* EXERCISE PROMPT *
Which lines of the records below contain the word "units"? Report each of them in full.

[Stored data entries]

***

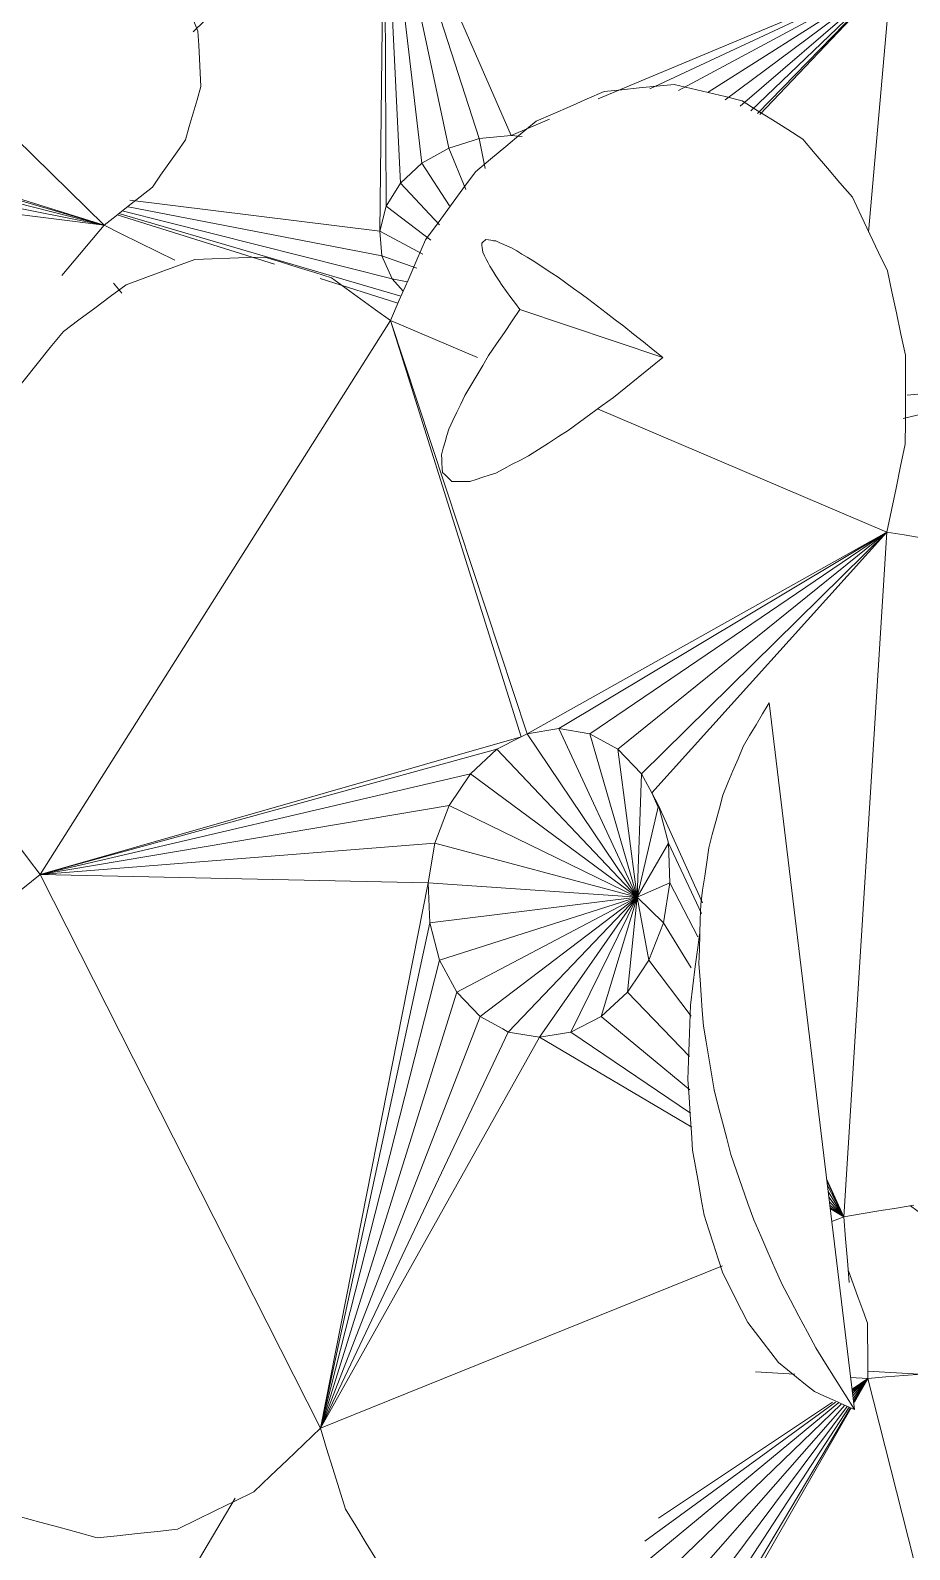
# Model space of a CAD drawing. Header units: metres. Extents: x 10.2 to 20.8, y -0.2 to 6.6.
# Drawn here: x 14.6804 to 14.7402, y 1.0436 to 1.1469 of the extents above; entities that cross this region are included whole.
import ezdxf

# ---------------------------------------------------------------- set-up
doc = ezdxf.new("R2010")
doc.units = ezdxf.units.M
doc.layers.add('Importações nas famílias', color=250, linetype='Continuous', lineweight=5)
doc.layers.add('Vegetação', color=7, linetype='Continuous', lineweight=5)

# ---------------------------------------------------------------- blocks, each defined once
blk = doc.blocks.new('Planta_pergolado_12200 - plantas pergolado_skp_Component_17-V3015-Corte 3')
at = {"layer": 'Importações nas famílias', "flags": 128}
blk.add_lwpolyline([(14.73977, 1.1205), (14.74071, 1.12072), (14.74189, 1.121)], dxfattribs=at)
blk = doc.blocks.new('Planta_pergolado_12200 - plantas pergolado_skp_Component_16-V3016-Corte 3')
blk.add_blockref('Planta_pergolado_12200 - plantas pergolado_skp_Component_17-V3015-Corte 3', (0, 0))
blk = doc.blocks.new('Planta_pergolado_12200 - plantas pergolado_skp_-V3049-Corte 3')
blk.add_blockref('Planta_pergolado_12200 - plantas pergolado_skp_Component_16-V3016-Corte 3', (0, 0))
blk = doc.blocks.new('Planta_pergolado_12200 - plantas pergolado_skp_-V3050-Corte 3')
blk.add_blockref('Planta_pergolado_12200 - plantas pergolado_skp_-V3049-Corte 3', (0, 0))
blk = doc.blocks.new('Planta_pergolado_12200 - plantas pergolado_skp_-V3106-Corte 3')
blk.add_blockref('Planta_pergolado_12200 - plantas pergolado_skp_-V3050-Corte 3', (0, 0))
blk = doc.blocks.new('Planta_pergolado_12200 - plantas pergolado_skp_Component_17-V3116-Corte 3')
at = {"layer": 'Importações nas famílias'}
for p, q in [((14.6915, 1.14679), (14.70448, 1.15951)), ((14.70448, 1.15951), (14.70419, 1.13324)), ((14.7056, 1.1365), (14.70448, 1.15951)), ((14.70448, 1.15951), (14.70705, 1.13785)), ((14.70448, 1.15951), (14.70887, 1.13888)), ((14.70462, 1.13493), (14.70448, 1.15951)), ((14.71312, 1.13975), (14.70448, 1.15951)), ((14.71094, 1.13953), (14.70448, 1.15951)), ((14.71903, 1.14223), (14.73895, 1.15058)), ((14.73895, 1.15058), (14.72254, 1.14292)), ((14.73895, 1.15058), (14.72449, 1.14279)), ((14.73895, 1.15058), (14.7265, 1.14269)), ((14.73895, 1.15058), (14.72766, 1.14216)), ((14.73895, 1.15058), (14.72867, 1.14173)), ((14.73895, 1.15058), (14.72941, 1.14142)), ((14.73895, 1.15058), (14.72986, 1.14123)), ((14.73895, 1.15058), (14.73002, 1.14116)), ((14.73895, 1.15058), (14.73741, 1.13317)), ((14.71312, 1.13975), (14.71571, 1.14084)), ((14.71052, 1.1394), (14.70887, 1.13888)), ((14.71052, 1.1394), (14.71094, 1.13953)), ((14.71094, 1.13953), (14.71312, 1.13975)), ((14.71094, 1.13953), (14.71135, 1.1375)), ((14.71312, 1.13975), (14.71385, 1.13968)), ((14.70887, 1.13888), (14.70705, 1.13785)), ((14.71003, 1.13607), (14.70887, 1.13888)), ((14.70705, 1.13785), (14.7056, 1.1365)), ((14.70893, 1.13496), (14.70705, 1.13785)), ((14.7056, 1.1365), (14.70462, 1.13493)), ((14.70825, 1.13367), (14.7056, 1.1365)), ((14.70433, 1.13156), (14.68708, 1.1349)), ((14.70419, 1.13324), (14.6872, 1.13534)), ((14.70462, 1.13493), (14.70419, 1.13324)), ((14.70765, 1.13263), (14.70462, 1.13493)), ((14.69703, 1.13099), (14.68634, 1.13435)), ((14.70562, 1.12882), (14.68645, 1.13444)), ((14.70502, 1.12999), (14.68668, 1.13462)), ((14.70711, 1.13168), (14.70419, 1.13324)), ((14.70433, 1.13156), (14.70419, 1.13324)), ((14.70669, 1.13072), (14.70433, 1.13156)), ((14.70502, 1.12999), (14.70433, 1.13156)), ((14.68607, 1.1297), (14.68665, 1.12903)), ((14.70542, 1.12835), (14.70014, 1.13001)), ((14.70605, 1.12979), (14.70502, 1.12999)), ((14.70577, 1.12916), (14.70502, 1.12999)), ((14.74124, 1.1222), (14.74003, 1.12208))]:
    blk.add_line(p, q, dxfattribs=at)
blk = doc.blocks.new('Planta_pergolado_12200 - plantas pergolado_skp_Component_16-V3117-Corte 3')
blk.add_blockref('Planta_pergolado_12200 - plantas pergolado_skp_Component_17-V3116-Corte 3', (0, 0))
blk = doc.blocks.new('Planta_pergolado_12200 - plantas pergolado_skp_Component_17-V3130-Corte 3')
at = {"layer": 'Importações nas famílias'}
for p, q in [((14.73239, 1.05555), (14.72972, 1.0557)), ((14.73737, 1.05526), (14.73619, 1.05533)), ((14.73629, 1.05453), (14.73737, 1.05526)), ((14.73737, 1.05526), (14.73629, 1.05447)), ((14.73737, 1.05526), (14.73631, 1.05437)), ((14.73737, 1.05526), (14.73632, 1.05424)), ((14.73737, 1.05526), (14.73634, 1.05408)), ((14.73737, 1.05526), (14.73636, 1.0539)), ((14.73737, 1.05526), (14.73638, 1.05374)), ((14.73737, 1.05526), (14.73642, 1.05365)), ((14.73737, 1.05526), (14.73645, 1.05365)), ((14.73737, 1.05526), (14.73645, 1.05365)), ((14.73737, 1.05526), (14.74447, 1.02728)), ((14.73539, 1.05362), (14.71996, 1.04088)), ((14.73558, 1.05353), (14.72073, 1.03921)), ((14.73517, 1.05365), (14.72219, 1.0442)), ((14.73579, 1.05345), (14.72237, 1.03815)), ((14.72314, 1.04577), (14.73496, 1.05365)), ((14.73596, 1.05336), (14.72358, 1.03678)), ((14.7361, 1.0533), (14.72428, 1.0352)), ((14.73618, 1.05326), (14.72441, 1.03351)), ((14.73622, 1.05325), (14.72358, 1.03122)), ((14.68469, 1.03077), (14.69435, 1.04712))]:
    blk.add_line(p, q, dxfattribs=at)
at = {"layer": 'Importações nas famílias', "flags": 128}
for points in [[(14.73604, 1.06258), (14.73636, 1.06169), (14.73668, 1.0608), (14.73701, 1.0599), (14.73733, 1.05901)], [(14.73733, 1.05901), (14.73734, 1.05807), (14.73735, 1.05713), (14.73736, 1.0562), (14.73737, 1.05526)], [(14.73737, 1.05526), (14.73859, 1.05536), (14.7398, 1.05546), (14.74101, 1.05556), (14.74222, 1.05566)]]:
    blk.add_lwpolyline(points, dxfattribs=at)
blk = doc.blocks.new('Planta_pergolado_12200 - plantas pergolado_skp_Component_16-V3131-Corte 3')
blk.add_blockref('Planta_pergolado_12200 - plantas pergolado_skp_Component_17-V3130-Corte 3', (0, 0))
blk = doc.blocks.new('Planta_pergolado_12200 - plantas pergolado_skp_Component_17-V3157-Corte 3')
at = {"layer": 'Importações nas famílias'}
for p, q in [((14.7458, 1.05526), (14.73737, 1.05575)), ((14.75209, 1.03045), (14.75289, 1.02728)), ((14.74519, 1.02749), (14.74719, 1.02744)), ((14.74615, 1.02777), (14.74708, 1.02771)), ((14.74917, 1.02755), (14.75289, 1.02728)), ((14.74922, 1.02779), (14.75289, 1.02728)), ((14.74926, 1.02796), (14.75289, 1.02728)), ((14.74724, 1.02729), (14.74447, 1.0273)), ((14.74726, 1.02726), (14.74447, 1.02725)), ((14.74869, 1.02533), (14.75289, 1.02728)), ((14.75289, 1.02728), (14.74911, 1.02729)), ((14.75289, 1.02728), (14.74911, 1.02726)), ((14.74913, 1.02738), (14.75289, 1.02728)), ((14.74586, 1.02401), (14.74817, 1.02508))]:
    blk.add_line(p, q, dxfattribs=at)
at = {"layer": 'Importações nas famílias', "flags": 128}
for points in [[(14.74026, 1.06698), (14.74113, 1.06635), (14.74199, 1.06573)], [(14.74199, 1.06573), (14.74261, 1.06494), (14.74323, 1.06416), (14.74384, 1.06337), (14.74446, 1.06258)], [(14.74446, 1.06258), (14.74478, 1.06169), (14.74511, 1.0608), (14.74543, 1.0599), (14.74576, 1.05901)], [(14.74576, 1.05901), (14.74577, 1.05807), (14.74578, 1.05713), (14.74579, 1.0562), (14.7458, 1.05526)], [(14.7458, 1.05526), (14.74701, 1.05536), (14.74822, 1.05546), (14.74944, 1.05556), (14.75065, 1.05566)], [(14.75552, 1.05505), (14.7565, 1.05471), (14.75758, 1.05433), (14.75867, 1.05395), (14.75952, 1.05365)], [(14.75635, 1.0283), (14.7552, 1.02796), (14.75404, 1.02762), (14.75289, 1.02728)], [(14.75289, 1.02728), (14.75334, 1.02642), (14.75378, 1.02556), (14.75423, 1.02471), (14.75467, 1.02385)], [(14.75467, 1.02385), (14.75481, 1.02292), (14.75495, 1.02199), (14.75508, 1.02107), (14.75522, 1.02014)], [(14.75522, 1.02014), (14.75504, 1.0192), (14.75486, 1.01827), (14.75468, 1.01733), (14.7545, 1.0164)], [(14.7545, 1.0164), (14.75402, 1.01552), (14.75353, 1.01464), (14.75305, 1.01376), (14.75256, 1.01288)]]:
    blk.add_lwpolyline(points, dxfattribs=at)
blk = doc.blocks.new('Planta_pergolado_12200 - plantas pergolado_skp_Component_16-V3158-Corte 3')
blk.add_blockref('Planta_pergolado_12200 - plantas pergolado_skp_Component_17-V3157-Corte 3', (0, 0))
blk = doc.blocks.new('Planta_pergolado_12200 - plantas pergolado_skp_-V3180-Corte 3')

***

* REPLY TO THE EXERCISE *
# Model space of a CAD drawing. Header units: metres. Extents: x 10.2 to 20.8, y -0.2 to 6.6.
doc.units = ezdxf.units.M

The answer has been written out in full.